Motif clustering with implications for transcription factor interactions
- Published
- Accepted
- Subject Areas
- Bioinformatics, Computational Biology, Molecular Biology, Computational Science
- Keywords
- motif, ChIP-seq, de Buijn sequence, motif similarity, clustering, network
- Copyright
- © 2015 Grau et al.
- Licence
- This is an open access article distributed under the terms of the Creative Commons Attribution License, which permits unrestricted use, distribution, reproduction and adaptation in any medium and for any purpose provided that it is properly attributed. For attribution, the original author(s), title, publication source (PeerJ PrePrints) and either DOI or URL of the article must be cited.
- Cite this article
- 2015. Motif clustering with implications for transcription factor interactions.
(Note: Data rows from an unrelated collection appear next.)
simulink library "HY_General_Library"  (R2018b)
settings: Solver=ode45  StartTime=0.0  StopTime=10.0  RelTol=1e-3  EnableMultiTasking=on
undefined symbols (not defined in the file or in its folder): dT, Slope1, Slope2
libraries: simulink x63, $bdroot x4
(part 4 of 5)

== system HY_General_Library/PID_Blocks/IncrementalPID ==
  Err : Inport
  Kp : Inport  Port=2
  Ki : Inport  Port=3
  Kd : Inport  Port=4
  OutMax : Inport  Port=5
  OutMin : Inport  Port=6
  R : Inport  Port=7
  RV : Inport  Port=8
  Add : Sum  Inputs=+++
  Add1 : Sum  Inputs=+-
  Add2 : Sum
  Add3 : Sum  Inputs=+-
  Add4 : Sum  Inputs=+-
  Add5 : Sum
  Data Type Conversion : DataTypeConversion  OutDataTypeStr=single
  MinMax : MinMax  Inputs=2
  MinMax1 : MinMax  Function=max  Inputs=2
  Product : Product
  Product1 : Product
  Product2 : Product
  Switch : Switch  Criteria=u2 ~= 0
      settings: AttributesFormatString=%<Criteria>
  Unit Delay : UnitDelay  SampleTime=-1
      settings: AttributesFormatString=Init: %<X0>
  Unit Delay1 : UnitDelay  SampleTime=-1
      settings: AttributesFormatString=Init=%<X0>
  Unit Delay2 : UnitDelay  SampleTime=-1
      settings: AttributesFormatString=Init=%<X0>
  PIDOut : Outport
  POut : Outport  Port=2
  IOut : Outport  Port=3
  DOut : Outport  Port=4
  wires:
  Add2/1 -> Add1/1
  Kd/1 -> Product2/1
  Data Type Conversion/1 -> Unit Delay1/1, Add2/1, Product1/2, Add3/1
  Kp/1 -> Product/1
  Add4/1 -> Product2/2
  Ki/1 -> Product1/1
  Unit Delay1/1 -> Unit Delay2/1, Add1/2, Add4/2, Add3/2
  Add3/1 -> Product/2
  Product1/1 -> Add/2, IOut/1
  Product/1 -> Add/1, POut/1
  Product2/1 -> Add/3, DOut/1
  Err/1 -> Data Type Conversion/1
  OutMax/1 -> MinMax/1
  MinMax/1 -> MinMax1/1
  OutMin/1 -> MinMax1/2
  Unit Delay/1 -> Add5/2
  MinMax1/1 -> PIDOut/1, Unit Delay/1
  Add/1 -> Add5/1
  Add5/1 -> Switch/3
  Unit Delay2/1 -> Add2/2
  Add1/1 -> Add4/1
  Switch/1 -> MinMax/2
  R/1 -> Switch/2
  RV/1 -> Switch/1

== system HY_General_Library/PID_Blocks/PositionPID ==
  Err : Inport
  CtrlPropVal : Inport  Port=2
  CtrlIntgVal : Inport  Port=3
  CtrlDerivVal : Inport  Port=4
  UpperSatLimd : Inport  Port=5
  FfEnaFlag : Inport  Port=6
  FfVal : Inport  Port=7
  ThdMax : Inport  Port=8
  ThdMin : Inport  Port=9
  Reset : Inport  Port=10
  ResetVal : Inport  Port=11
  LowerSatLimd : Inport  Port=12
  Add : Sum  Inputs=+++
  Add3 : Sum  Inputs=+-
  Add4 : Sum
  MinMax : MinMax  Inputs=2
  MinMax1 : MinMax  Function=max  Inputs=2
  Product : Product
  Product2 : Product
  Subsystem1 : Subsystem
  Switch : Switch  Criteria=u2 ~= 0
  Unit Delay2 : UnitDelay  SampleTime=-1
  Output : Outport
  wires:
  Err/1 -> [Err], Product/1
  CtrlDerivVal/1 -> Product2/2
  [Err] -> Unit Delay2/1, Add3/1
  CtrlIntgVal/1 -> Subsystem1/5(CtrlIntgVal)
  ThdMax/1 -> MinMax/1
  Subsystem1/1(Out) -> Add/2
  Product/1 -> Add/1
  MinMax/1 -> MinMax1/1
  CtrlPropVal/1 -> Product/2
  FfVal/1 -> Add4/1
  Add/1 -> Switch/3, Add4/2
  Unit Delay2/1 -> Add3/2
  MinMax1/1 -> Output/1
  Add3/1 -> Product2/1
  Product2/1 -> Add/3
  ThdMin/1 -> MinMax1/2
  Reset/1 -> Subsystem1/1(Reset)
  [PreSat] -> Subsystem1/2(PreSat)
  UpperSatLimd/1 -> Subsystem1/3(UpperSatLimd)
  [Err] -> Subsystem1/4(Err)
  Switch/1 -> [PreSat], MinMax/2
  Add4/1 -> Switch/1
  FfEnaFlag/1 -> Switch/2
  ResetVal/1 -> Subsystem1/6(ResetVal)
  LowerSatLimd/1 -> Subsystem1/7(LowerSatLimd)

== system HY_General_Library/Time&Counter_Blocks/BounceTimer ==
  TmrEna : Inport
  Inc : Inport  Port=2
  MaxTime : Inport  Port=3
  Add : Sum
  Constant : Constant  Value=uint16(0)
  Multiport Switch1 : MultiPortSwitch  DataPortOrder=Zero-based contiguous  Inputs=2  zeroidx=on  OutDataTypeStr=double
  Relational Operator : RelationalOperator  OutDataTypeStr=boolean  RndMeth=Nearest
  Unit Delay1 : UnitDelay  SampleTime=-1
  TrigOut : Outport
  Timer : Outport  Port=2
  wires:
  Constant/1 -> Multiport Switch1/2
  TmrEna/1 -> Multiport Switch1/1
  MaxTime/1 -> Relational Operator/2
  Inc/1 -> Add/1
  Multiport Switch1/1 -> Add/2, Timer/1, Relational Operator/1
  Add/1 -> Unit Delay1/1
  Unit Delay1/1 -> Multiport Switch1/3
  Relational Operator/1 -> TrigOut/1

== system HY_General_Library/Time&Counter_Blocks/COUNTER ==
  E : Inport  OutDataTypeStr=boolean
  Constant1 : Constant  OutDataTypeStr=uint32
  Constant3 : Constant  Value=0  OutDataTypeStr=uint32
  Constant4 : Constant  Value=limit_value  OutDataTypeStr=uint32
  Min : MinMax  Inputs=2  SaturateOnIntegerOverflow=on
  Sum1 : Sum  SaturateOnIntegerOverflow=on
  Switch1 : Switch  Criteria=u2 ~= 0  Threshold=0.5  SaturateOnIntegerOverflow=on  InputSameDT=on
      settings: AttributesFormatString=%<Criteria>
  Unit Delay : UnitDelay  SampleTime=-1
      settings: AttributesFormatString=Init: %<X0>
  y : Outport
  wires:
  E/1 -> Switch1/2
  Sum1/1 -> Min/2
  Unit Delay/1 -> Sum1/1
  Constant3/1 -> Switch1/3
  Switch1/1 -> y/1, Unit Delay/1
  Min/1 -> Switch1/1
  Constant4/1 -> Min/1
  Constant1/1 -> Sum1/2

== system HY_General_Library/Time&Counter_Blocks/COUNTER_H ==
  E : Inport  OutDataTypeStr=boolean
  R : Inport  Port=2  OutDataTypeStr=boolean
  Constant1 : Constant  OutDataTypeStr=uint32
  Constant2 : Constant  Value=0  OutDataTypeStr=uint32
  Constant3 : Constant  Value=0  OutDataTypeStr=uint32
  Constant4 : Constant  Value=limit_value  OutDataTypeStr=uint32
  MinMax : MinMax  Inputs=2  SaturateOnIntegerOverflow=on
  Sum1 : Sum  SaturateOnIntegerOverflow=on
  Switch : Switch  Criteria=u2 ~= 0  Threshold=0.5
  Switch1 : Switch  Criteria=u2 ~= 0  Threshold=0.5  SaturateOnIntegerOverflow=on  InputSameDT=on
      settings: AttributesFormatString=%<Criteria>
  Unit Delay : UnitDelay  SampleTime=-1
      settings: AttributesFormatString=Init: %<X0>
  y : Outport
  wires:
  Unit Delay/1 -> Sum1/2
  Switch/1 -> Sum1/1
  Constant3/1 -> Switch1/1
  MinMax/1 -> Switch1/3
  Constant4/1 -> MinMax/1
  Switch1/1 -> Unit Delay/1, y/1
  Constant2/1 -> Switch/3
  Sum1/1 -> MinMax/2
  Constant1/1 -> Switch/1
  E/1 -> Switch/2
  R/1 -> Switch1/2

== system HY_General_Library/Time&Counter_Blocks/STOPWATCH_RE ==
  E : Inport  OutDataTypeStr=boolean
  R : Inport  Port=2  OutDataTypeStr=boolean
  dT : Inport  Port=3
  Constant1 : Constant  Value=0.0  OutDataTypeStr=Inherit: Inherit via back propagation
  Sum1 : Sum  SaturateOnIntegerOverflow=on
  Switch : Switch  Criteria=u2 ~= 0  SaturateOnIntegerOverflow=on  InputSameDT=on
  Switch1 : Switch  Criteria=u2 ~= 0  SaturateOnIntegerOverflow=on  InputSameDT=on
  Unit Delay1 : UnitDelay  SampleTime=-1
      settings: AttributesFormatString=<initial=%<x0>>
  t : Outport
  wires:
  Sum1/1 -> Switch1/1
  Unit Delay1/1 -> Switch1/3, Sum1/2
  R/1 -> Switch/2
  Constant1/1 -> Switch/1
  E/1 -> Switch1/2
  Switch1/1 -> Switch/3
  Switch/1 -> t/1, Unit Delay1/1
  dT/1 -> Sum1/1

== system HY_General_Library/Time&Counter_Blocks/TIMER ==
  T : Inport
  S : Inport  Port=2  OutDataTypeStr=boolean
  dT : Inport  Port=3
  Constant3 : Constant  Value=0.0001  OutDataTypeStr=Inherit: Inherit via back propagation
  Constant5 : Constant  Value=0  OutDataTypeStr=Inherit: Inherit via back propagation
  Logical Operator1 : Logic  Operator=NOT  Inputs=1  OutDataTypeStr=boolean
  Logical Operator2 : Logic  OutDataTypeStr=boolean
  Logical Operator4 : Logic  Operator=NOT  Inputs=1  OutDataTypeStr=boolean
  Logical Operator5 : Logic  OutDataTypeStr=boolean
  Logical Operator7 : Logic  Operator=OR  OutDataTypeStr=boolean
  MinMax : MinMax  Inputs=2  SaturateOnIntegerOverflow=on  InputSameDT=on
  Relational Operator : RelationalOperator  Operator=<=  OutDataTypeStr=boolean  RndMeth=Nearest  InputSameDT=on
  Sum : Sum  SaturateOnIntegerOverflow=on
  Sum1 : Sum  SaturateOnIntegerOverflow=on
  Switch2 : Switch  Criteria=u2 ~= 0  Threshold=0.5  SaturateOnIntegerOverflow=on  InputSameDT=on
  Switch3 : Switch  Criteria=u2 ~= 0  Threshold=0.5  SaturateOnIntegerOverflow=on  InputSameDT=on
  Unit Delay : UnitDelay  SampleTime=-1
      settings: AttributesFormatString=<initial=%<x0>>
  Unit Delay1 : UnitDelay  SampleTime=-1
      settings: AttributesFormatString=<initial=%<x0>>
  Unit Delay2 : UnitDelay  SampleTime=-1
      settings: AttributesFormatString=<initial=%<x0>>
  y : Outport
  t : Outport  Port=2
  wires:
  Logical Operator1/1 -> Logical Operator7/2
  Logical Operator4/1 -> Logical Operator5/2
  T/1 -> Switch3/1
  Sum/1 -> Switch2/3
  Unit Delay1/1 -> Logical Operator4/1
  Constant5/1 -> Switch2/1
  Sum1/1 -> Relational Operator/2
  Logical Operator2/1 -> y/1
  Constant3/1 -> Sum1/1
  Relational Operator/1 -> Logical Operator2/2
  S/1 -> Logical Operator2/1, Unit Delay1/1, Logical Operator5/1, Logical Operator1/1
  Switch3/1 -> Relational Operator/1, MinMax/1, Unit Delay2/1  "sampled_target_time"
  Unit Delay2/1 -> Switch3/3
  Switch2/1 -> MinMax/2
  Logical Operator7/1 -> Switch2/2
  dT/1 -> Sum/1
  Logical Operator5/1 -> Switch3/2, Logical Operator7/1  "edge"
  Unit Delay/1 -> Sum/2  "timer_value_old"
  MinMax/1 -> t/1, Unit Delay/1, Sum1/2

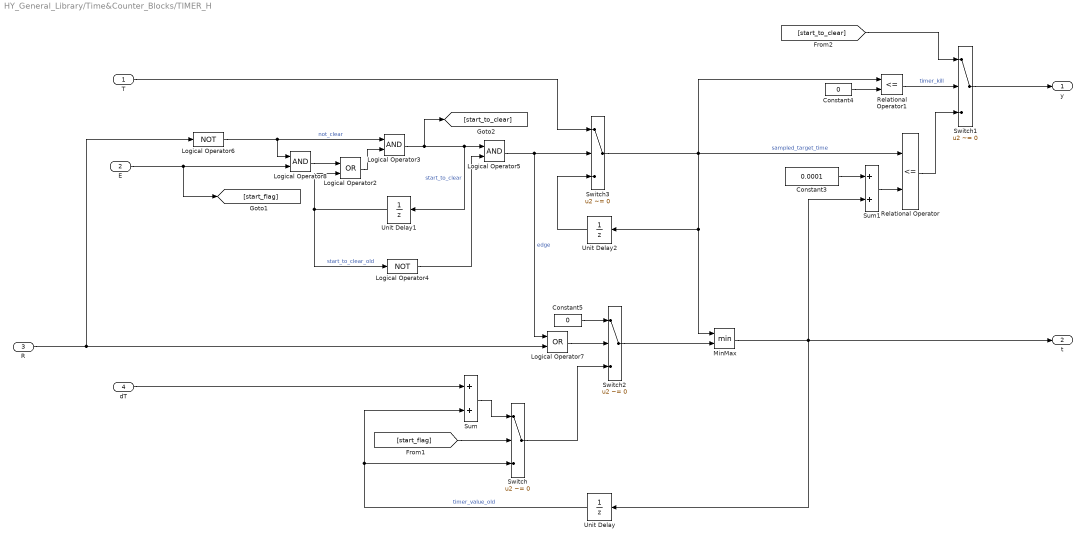
== system HY_General_Library/Time&Counter_Blocks/TIMER_H ==
  T : Inport
  E : Inport  Port=2  OutDataTypeStr=boolean
  R : Inport  Port=3  OutDataTypeStr=boolean
  dT : Inport  Port=4
  Constant3 : Constant  Value=0.0001  OutDataTypeStr=Inherit: Inherit via back propagation
  Constant4 : Constant  Value=0  OutDataTypeStr=Inherit: Inherit via back propagation
  Constant5 : Constant  Value=0  OutDataTypeStr=Inherit: Inherit via back propagation
  Logical Operator2 : Logic  Operator=OR  OutDataTypeStr=boolean
  Logical Operator3 : Logic  OutDataTypeStr=boolean
  Logical Operator4 : Logic  Operator=NOT  Inputs=1  OutDataTypeStr=boolean
  Logical Operator5 : Logic  OutDataTypeStr=boolean
  Logical Operator6 : Logic  Operator=NOT  Inputs=1  OutDataTypeStr=boolean
  Logical Operator7 : Logic  Operator=OR  OutDataTypeStr=boolean
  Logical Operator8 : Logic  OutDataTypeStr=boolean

PeerJ PrePrints 3:e1302v1 https://doi.org/10.7287/peerj.preprints.1302v1
Abstract
High-throughput data, for instance ChIP-seq data, measure binding of transcription factors (TFs) or other proteins to DNA and have become a widespread data source for de-novo motif discovery. Often, several ChIP-seq data sets study the same TF under different conditions resulting in several, potentially redundant motifs, which demands for identification and clustering of similar motifs. Here, we propose a refined measure of motif similarity based on the correlation between score profiles on de Bruijn sequences. We demonstrate the utility of the proposed measure in benchmark studies on artificial motifs and motifs discovered from ENCODE ChIP-seq data. We use this measure to cluster motifs discovered from 757 different ENCODE ChIP-seq data sets for 166 TFs and RNA-polymerase II and III. Based on this clustering, we derive a TF interaction network that reflects many known TF-TF interactions, but also reveals novel putative interaction partners.
Author Comment
This work has been presented at the German Conference on Bioinformatics 2015.